When Your Boss is an Algorithm

“I have learned that drivers at ride-hailing companies may have the freedom and flexibility of gig economy work, but they are still at the mercy of a boss — an algorithmic boss.” – Data & Society Researcher Alex Rosenblat, The New York Times

Bonus: This October, Rosenblat released her highly anticipated book Uberland: How Algorithms Are Rewriting the Rules of Work. Order it here, watch her discuss findings on Yahoo Finance, or read Adrian Chen’s review in New York Magazine.

Data & Society report: Searching for Alternative Facts

In Searching for Alternative Facts, Data & Society Postdoctoral Scholar Francesca Tripodi uses Christian practices of Biblical interpretation as a lens for understanding the relationship between so-called “alternative” or “fake news” sources and contemporary conservative political thought.

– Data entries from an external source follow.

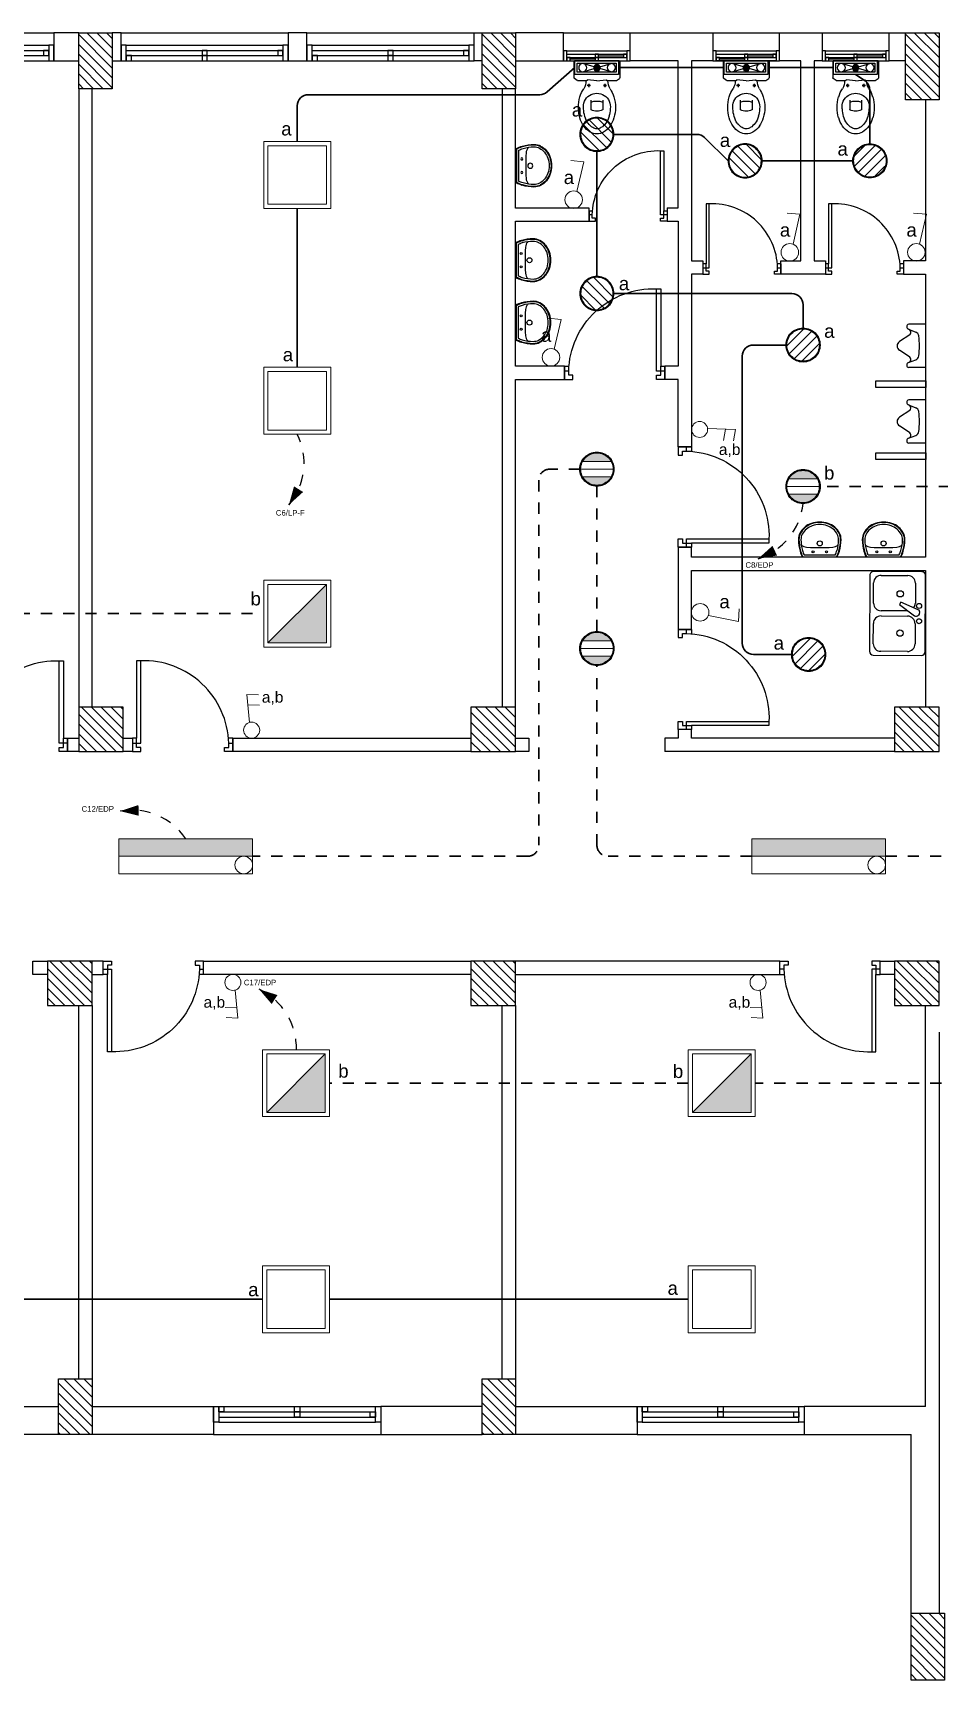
# Model space of a CAD drawing. Header units: metres. Extents: x -15180 to 61, y 475 to 24106.
# Drawn here: x 43.67 to 51.8, y 482.71 to 497.49 of the extents above; entities that cross this region are included whole.
import ezdxf

# ---------------------------------------------------------------- set-up
doc = ezdxf.new("R2010")
doc.units = ezdxf.units.M
doc.header["$MEASUREMENT"] = 0
for name, pattern in [('ACAD_ISO02W100', [15, 12, -3]), ('DASHED', [0.75, 0.5, -0.25]), ('DASHED2', [0.375, 0.25, -0.125]), ('HIDDEN', [0.375, 0.25, -0.125])]:
    doc.linetypes.add(name, pattern=pattern)
doc.layers.get('0').update_dxf_attribs({"color": 8})
for name, color, linetype, lineweight in [('.', 7, 'Continuous', 9), ('E-TEXT-I', 4, 'Continuous', 30), ('lighting linea', 3, 'DASHED2', 0), ('Lighting W', 2, 'Continuous', 30), ('luminairs', 3, 'Continuous', 9), ('switches', 4, 'Continuous', 9)]:
    doc.layers.add(name, color=color, linetype=linetype, lineweight=lineweight)
for name, color, linetype in [('A-1st-TOI$0$A-FLOR-PFIX', 140, 'Continuous'), ('A-1st-TOI$0$PL-DRAIN-EQ', 140, 'Continuous'), ('A-1st-WALL$0$A-DOOR', 151, 'Continuous'), ('A-1st-WALL$0$A-GLAZ', 121, 'Continuous'), ('A-1st-WALL$0$A-WALL', 254, 'Continuous'), ('A-1st-WALL$0$A-WALL-ELEV', 31, 'Continuous'), ('A-COL-FNL$0$A-COLS-CONC', 6, 'Continuous'), ('A-COL-FNL$0$A-HTCH', 80, 'Continuous'), ('A-HTCH', 80, 'Continuous'), ('E-LEADER', 30, 'Continuous'), ('elec AC-EQUIPMENT_(Existing)', 3, 'Continuous'), ('Layer1', 24, 'ACAD_ISO02W100')]:
    doc.layers.add(name, color=color, linetype=linetype)
doc.styles.get("Standard").update_dxf_attribs({"font": 'arial.ttf'})

# ---------------------------------------------------------------- blocks, each defined once
blk = doc.blocks.new('A-1st-TOI$0$105')
at = {"layer": 'A-1st-TOI$0$A-FLOR-PFIX'}
for p, q in [((-1.7, 1526.3), (39.7, 1526.3)), ((37.8, 1523.3), (0.2, 1523.3)), ((7.8, 1514.6), (3.2, 1514.2)), ((19, 1514.6), (7.8, 1514.6)), ((30.2, 1514.6), (19, 1514.6)), ((34.8, 1514.2), (30.2, 1514.6))]:
    blk.add_line(p, q, dxfattribs=at)
at = {"layer": 'A-1st-TOI$0$A-FLOR-PFIX', "color": 8}
blk.add_line((39.3, 1525.7), (-1.3, 1525.7), dxfattribs=at)
at = {"layer": 'A-1st-TOI$0$A-FLOR-PFIX'}
for centre in [(10.9, 1519.6), (27.1, 1519.6)]:
    blk.add_circle(centre, 1.21, dxfattribs=at)
at = {"layer": 'A-1st-TOI$0$A-FLOR-PFIX', "color": 8}
blk.add_circle((19, 1509.5), 3.04, dxfattribs=at)
at = {"layer": 'A-1st-TOI$0$A-FLOR-PFIX'}
for centre, radius, start, end in [((42.7, 1505), 49.4, 163.4828, 180), ((31.1, 1508.5), 37.3, 151.4654, 163.4828), ((42.7, 1505), 46.4, 163.4828, 180), ((2.8, 1505.4), 8.46, 110.3115, 135.1981), ((31.1, 1508.5), 34.2, 154.4467, 163.4828), ((5.8, 1497.3), 17.1, 98.7165, 110.3115), ((32.2, 1497.3), 17.1, 69.6885, 81.2835), ((7, 1508.5), 34.2, 16.5172, 25.5533), ((35.2, 1505.4), 8.46, 44.8019, 69.6885), ((7, 1508.5), 37.3, 16.5172, 28.5346), ((-4.7, 1505), 46.4, 0, 16.5172), ((-4.7, 1505), 49.4, 0, 16.5172), ((11, 1505), 17.7, 180, 206.7277), ((14.9, 1507), 22, 206.7277, 230.5599), ((11, 1505), 14.7, 180, 206.7277), ((14.9, 1507), 19, 206.7277, 230.5599), ((17.4, 1510), 26, 230.5599, 251.1848), ((17.4, 1510), 22.9, 230.5599, 251.1848), ((20.6, 1510), 22.9, 288.8152, 309.4401), ((20.6, 1510), 26, 288.8152, 309.4401), ((23.1, 1507), 19, 309.4401, 333.2723), ((23.1, 1507), 22, 309.4401, 333.2723), ((27, 1505), 14.7, 333.2723, 360), ((27, 1505), 17.7, 333.2723, 0), ((19, 1514.8), 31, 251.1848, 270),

The report was featured in The Washington Post and Nieman Lab and cited by The Guardian, Slate, and The American Press Institute, among others.

Bonus: Tripodi shared insights from her report in the Medium Feature blogpost, How Trump Voters Decide Who to Trust.

Need medical help? Sorry, not until you sign away your privacy

“In the era of data-driven medicine, systems for handling data need to avoid anything that feels like manipulation—whether it’s subtle or overt. At a minimum, the process of obtaining consent should be separated from the process of obtaining care.” – Data & Society Research Lead Mary Madden, MIT Technology Review

Bonus: Next year, look out for a fresh set of Data & Society primers focusing on topic areas such as health and surveillance, health and misinformation, and “healthy tech.”

Data & Society report: Governing AI

Research Lead Mark Latonero shows how human rights can serve as a “North Star” to guide the development and governance of artificial intelligence in his report, Governing AI.

Bonus: After hosting a convening to discuss the intersection of human rights and artificial intelligence, Latonero and Research Analyst Melanie Penagos curated a blog series with contributions from participants. Check it out here.


(not pictured: Marianna Bastashevski)

Data & Society 2017-2018 Fellows

In June, Data & Society’s 2017-2018 Fellows wrapped up their fellowship with presentations on their projects from the past year. Topics ranged from the distributed web of care to data science ethics. Watch their talks below:

  • Fellows Talk 1: Online Speech Regulation: A Comparative Perspective; Tussling with Privacy on the Internet; Data Science Ethics.
  • Fellows Talk 2: Collective Care: Transforming Digital Security into Digital Power; Making Algorithms Stumble.
  • Fellows Talk 3: Algorithmic Accountability & Transparency in Criminal Justice Software; Privacy from the bottom-up: Can technology empower communities?; Distributed Web of Care.